Fragment shader interlock test possibly violates issue 1 resolution and fails on AMD

During a test run for the fragment shader interlock implementation in RADV (the comments related to this issue start with "spec@arb_fragment_shader_interlock@arb_fragment_shader_interlock-image-load-store,Fail on Navi10!"), there was a failure of the spec@arb_fragment_shader_interlock@arb_fragment_shader_interlock-image-load-store test when running it on Zink on top of RADV with the new changes.

After some investigation, I started to suspect that the test assumed a synchronization guarantee that was not provided by the specification of GL_ARB_fragment_shader_interlock.

The test is done for a somewhat extreme case — layout(pixel_interlock_ordered) with sample shading (gl_SampleID). This, while of course valid, is a pretty scary combination, by the way, considering that it's not exposed in Direct3D, Metal and GL_INTEL_fragment_shader_ordering (which force sample interlock for sample shading), and not very useful in real life especially taking into account that gl_SampleMaskIn in OpenGL and Vulkan has only one bit set with sample shading (unlike in Direct3D) and thus can't be used for tie breaking.

From each per-MSAA-sample invocation, the test performs read–modify–writes of two memory regions at the granularity of the entire pixel. One of them is a per-pixel vec4 that each MSAA sample attempts to write to at the same address:

ivec3 result_coord = ivec3(gl_FragCoord.x, gl_FragCoord.y, sample_rate);
// …
imageStore(img_output, result_coord, result);

The other is an array of values for each sample. Each per-sample invocation first read–modify–writes the value for its own element:

ivec3 current_sample_coord = ivec3(gl_FragCoord.x, gl_FragCoord.y, gl_SampleID);
vec4 current_sample_color = imageLoad(img_output, current_sample_coord);
// …
imageStore(img_output, current_sample_coord, result);

But then, it reads values written by invocations for other samples in the same pixel:

for (i = 0; i < sample_rate; i++) {
  if (i != gl_SampleID) {
    ivec3 sample_coord = ivec3(gl_FragCoord.x, gl_FragCoord.y, i);
    vec4 sample_color = imageLoad(img_output, sample_coord);
    // …
  }
}

The test is executed for 6 large triangles, each covering a half of a 50x100 or a 100x100 area, with no sample mask. Therefore, most of the time, each triangle covers more than one sample per pixel — thus, with sample shading, one primitive generates multiple fragment shader invocations for the same pixel (for the same fragment) of itself.

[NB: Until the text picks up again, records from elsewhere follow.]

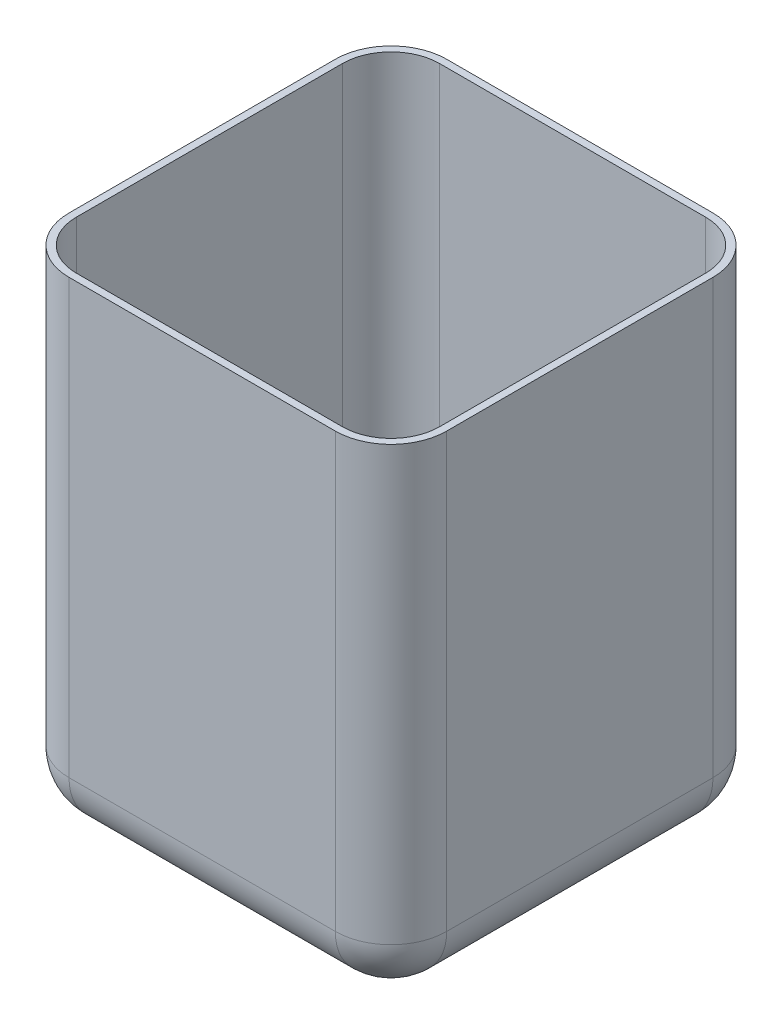
ISO-10303-21;
HEADER;
FILE_DESCRIPTION(('STEP AP214'),'2;1');
FILE_NAME('part.step','',(''),(''),'','','');
FILE_SCHEMA(('AUTOMOTIVE_DESIGN { 1 0 10303 214 1 1 1 1 }'));
ENDSEC;
DATA;
#1=APPLICATION_CONTEXT('core data for automotive mechanical design processes');
#2=APPLICATION_PROTOCOL_DEFINITION('international standard','automotive_design',2000,#1);
#3=PRODUCT_CONTEXT('',#1,'mechanical');
#4=PRODUCT('Part','Part','',(#3));
#5=PRODUCT_RELATED_PRODUCT_CATEGORY('part','',(#4));
#6=PRODUCT_DEFINITION_FORMATION('','',#4);
#7=PRODUCT_DEFINITION_CONTEXT('part definition',#1,'design');
#8=PRODUCT_DEFINITION('design','',#6,#7);
#9=PRODUCT_DEFINITION_SHAPE('','',#8);
#10=(LENGTH_UNIT() NAMED_UNIT(*) SI_UNIT(.MILLI.,.METRE.));
#11=(NAMED_UNIT(*) PLANE_ANGLE_UNIT() SI_UNIT($,.RADIAN.));
#12=(NAMED_UNIT(*) SI_UNIT($,.STERADIAN.) SOLID_ANGLE_UNIT());
#13=UNCERTAINTY_MEASURE_WITH_UNIT(LENGTH_MEASURE(1.E-05),#10,'distance_accuracy_value','');
#14=(GEOMETRIC_REPRESENTATION_CONTEXT(3) GLOBAL_UNCERTAINTY_ASSIGNED_CONTEXT((#13)) GLOBAL_UNIT_ASSIGNED_CONTEXT((#10,
#11,#12)) REPRESENTATION_CONTEXT('',''));
#15=CARTESIAN_POINT('',(0.,0.,0.));
#16=DIRECTION('',(0.,0.,1.));
#17=DIRECTION('',(1.,0.,0.));
#18=AXIS2_PLACEMENT_3D('',#15,#16,#17);
#19=CARTESIAN_POINT('',(-69.2307692307693,202.,-55.390243902439));
#20=DIRECTION('',(1.,0.,0.));
#21=DIRECTION('',(0.,0.,-1.));
#22=AXIS2_PLACEMENT_3D('',#19,#20,#21);
#23=PLANE('',#22);
#24=DIRECTION('',(0.,0.,1.));
#25=VECTOR('',#24,1.);
#26=CARTESIAN_POINT('',(-69.2307692307693,202.,-55.390243902439));
#27=LINE('',#26,#25);
#28=CARTESIAN_POINT('',(-69.2307692307693,202.,-32.390243902439));
#29=VERTEX_POINT('',#28);
#30=CARTESIAN_POINT('',(-69.2307692307692,202.,77.609756097561));
#31=VERTEX_POINT('',#30);
#32=EDGE_CURVE('E327',#29,#31,#27,.T.);
#33=ORIENTED_EDGE('',*,*,#32,.F.);
#34=DIRECTION('',(0.,-1.,0.));
#35=VECTOR('',#34,1.);
#36=CARTESIAN_POINT('',(-69.2307692307693,202.,-32.390243902439));
#37=LINE('',#36,#35);
#38=CARTESIAN_POINT('',(-69.2307692307693,23.,-32.390243902439));
#39=VERTEX_POINT('',#38);
#40=EDGE_CURVE('E71',#29,#39,#37,.T.);
#41=ORIENTED_EDGE('',*,*,#40,.T.);
#42=DIRECTION('',(0.,0.,1.));
#43=VECTOR('',#42,1.);
#44=CARTESIAN_POINT('',(-69.2307692307693,23.,-55.390243902439));
#45=LINE('',#44,#43);
#46=CARTESIAN_POINT('',(-69.2307692307692,23.,77.609756097561));
#47=VERTEX_POINT('',#46);
#48=EDGE_CURVE('E387',#39,#47,#45,.T.);
#49=ORIENTED_EDGE('',*,*,#48,.T.);
#50=DIRECTION('',(0.,-1.,0.));
#51=VECTOR('',#50,1.);
#52=CARTESIAN_POINT('',(-69.2307692307692,202.,77.609756097561));
#53=LINE('',#52,#51);
#54=EDGE_CURVE('E384',#47,#31,#53,.F.);
#55=ORIENTED_EDGE('',*,*,#54,.T.);
#56=EDGE_LOOP('',(#33,#41,#49,#55));
#57=FACE_BOUND('',#56,.T.);
#58=ADVANCED_FACE('F45',(#57),#23,.F.);
#59=CARTESIAN_POINT('',(-69.2307692307692,202.,100.609756097561));
#60=DIRECTION('',(0.,0.,-1.));
#61=DIRECTION('',(-1.,0.,0.));
#62=AXIS2_PLACEMENT_3D('',#59,#60,#61);
#63=PLANE('',#62);
#64=DIRECTION('',(1.,0.,0.));
#65=VECTOR('',#64,1.);
#66=CARTESIAN_POINT('',(-69.2307692307692,23.,100.609756097561));
#67=LINE('',#66,#65);
#68=CARTESIAN_POINT('',(-46.2307692307692,23.,100.609756097561));
#69=VERTEX_POINT('',#68);
#70=CARTESIAN_POINT('',(63.7692307692308,23.,100.609756097561));
#71=VERTEX_POINT('',#70);
#72=EDGE_CURVE('E346',#69,#71,#67,.T.);
#73=ORIENTED_EDGE('',*,*,#72,.T.);
#74=DIRECTION('',(0.,-1.,0.));
#75=VECTOR('',#74,1.);
#76=CARTESIAN_POINT('',(63.7692307692308,202.,100.609756097561));
#77=LINE('',#76,#75);
#78=CARTESIAN_POINT('',(63.7692307692308,202.,100.609756097561));
#79=VERTEX_POINT('',#78);
#80=EDGE_CURVE('E350',#71,#79,#77,.F.);
#81=ORIENTED_EDGE('',*,*,#80,.T.);
#82=DIRECTION('',(1.,0.,0.));
#83=VECTOR('',#82,1.);
#84=CARTESIAN_POINT('',(-69.2307692307692,202.,100.609756097561));
#85=LINE('',#84,#83);
#86=CARTESIAN_POINT('',(-46.2307692307692,202.,100.609756097561));
#87=VERTEX_POINT('',#86);
#88=EDGE_CURVE('E331',#87,#79,#85,.T.);
#89=ORIENTED_EDGE('',*,*,#88,.F.);
#90=DIRECTION('',(0.,-1.,0.));
#91=VECTOR('',#90,1.);
#92=CARTESIAN_POINT('',(-46.2307692307692,202.,100.609756097561));
#93=LINE('',#92,#91);
#94=EDGE_CURVE('E343',#87,#69,#93,.T.);
#95=ORIENTED_EDGE('',*,*,#94,.T.);
#96=EDGE_LOOP('',(#73,#81,#89,#95));
#97=FACE_BOUND('',#96,.T.);
#98=ADVANCED_FACE('F465',(#97),#63,.F.);
#99=CARTESIAN_POINT('',(86.7692307692307,202.,-55.390243902439));
#100=DIRECTION('',(-1.,0.,0.));
#101=DIRECTION('',(0.,0.,1.));
#102=AXIS2_PLACEMENT_3D('',#99,#100,#101);
#103=PLANE('',#102);
#104=DIRECTION('',(0.,0.,-1.));
#105=VECTOR('',#104,1.);
#106=CARTESIAN_POINT('',(86.7692307692307,23.,-55.390243902439));
#107=LINE('',#106,#105);
#108=CARTESIAN_POINT('',(86.7692307692308,23.,77.609756097561));
#109=VERTEX_POINT('',#108);
#110=CARTESIAN_POINT('',(86.7692307692307,23.,-32.390243902439));
#111=VERTEX_POINT('',#110);
#112=EDGE_CURVE('E369',#109,#111,#107,.T.);
#113=ORIENTED_EDGE('',*,*,#112,.T.);
#114=DIRECTION('',(0.,-1.,0.));
#115=VECTOR('',#114,1.);
#116=CARTESIAN_POINT('',(86.7692307692307,202.,-32.390243902439));
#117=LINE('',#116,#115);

Those try to perform read–modify–writes to the same memory locations, and for that, they require interlocked execution. However, the specification of GL_ARB_fragment_shader_interlock contains an issue describing the expected behavior in this situation:

    (1) When using multisampling, the OpenGL specification permits
        multiple fragment shader invocations to be generated for a single
        fragment.  For example, per-sample shading using the "sample"
        auxiliary storage qualifier or the MinSampleShading() OpenGL API command
        can be used to force per-sample shading.  What execution ordering
        guarantees are provided between fragment shader invocations generated
        from the same fragment?

      RESOLVED:  We don't provide any ordering guarantees in this extension.
      This implies that when using multisampling, there is no guarantee that
      two fragment shader invocations for the same fragment won't be executing
      their critical sections concurrently.  This could cause problems for
      algorithms sharing data structures between all the samples of a pixel
      unless accesses to these data structures are performed atomically.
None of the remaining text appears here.